To achieve the same caching behavior as in our Gitlab CI pipelines, we will have to add another S2I script called save-artifacts that extracts the dependencies we want to cache. OpenShift can later be configured to automatically inject those dependencies before running the assemble script.

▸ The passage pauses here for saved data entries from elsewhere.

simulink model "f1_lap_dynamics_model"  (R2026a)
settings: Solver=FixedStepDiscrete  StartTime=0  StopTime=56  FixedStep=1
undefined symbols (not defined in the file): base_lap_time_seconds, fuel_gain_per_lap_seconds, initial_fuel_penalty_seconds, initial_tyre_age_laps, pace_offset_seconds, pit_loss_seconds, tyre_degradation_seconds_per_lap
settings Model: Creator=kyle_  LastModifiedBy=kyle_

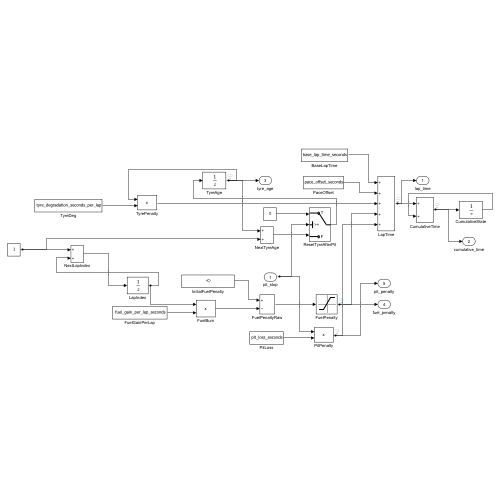
[thumbnail: Simulink's stored preview of the top-level diagram]
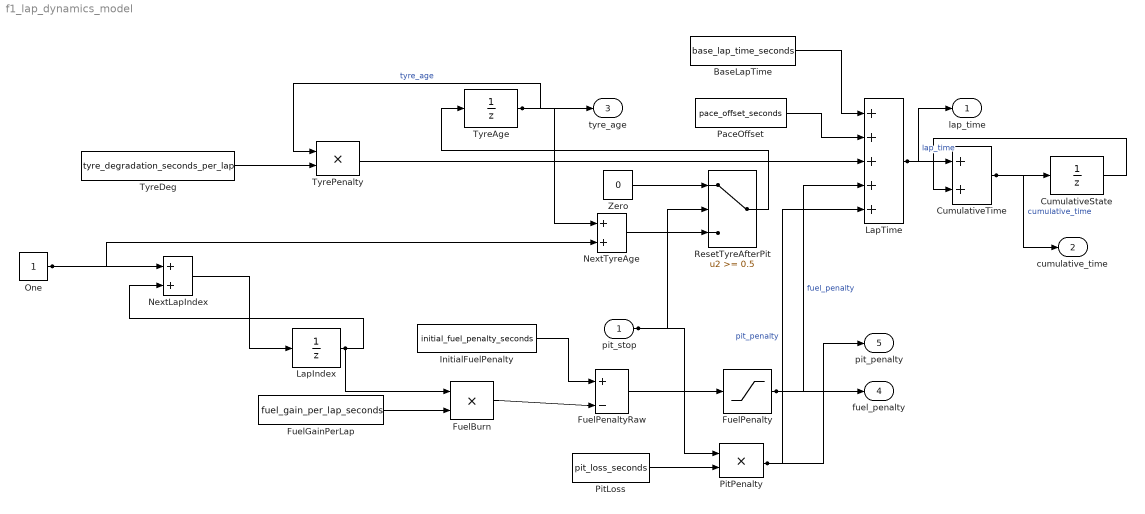
== system f1_lap_dynamics_model ==
  pit_stop : Inport
  BaseLapTime : Constant  Value=base_lap_time_seconds  SampleTime=1
  CumulativeState : UnitDelay
  CumulativeTime : Sum
  FuelBurn : Product
  FuelGainPerLap : Constant  Value=fuel_gain_per_lap_seconds  SampleTime=1
  FuelPenalty : Saturate  UpperLimit=inf  LowerLimit=0
  FuelPenaltyRaw : Sum  Inputs=+-
  InitialFuelPenalty : Constant  Value=initial_fuel_penalty_seconds  SampleTime=1
  LapIndex : UnitDelay
  LapTime : Sum  Inputs=+++++
  NextLapIndex : Sum
  NextTyreAge : Sum
  One : Constant  SampleTime=1
  PaceOffset : Constant  Value=pace_offset_seconds  SampleTime=1
  PitLoss : Constant  Value=pit_loss_seconds  SampleTime=1
  PitPenalty : Product
  ResetTyreAfterPit : Switch  Threshold=0.5  SaturateOnIntegerOverflow=off  InputSameDT=off
  TyreAge : UnitDelay  InitialCondition=initial_tyre_age_laps
  TyreDeg : Constant  Value=tyre_degradation_seconds_per_lap  SampleTime=1
  TyrePenalty : Product
  Zero : Constant  Value=0  SampleTime=1
  lap_time : Outport
  cumulative_time : Outport  Port=2
  tyre_age : Outport  Port=3
  fuel_penalty : Outport  Port=4
  pit_penalty : Outport  Port=5
  wires:
  PaceOffset/1 -> LapTime/2
  PitLoss/1 -> PitPenalty/2
  InitialFuelPenalty/1 -> FuelPenaltyRaw/1
  BaseLapTime/1 -> LapTime/1
  One/1 -> NextTyreAge/2, NextLapIndex/1
  TyreDeg/1 -> TyrePenalty/2
  FuelGainPerLap/1 -> FuelBurn/2
  FuelBurn/1 -> FuelPenaltyRaw/2
  NextLapIndex/1 -> LapIndex/1
  ResetTyreAfterPit/1 -> TyreAge/1
  TyrePenalty/1 -> LapTime/3
  LapIndex/1 -> NextLapIndex/2, FuelBurn/1
  NextTyreAge/1 -> ResetTyreAfterPit/3
  TyreAge/1 -> TyrePenalty/1, NextTyreAge/1, tyre_age/1  "tyre_age"
  Zero/1 -> ResetTyreAfterPit/1
  pit_stop/1 -> ResetTyreAfterPit/2, PitPenalty/1
  FuelPenaltyRaw/1 -> FuelPenalty/1
  FuelPenalty/1 -> LapTime/4, fuel_penalty/1  "fuel_penalty"
  LapTime/1 -> CumulativeTime/1, lap_time/1  "lap_time"
  PitPenalty/1 -> LapTime/5, pit_penalty/1  "pit_penalty"
  CumulativeState/1 -> CumulativeTime/2
  CumulativeTime/1 -> cumulative_time/1, CumulativeState/1  "cumulative_time"

A stub for the save-artifacts script should already have been created in the .s2i/bin directory. We will need to update the paths it extracts to contain the .ivy cache folder, as this is where the SBT build tool caches the dependencies.

.s2i/bin/save-artifacts
#!/bin/sh -e
# The save-artifacts script streams a tar archive to standard output.
# The archive contains the files and folders you want to re-use in the next build.
tar cf - .ivy2 target .sbt

If S2I has been configured correctly, it will inject the saved “artifacts” on the next run. The directory it injects them to will normally be /tmp/artifacts. Our assemble script will need to be extended such that it recognizes those artifacts and reuses them:

.s2i/bin/assemble
#!/bin/bash -e
# Restore artifacts from the previous build (if they exist).
if [ "$(ls /tmp/artifacts/ 2>/dev/null)" ]; then
    echo "---> Restoring build artifacts..."
    cp -Rn /tmp/artifacts/. ./
    rm -rf /tmp/artifacts
fi

echo "---> Installing application source..."
cp -Rf /tmp/src/. ./
rm -rf /tmp/src

echo "---> Building application from source..."
sbt -ivy ~/.ivy2 -verbose -mem 1024 clean stage
chgrp 0 target/universal/stage/bin/*
chmod g+x target/universal/stage/bin/*

This configuration will allow us to run incremental builds on OpenShift, which basically means that the artifacts of the previous build will be reused.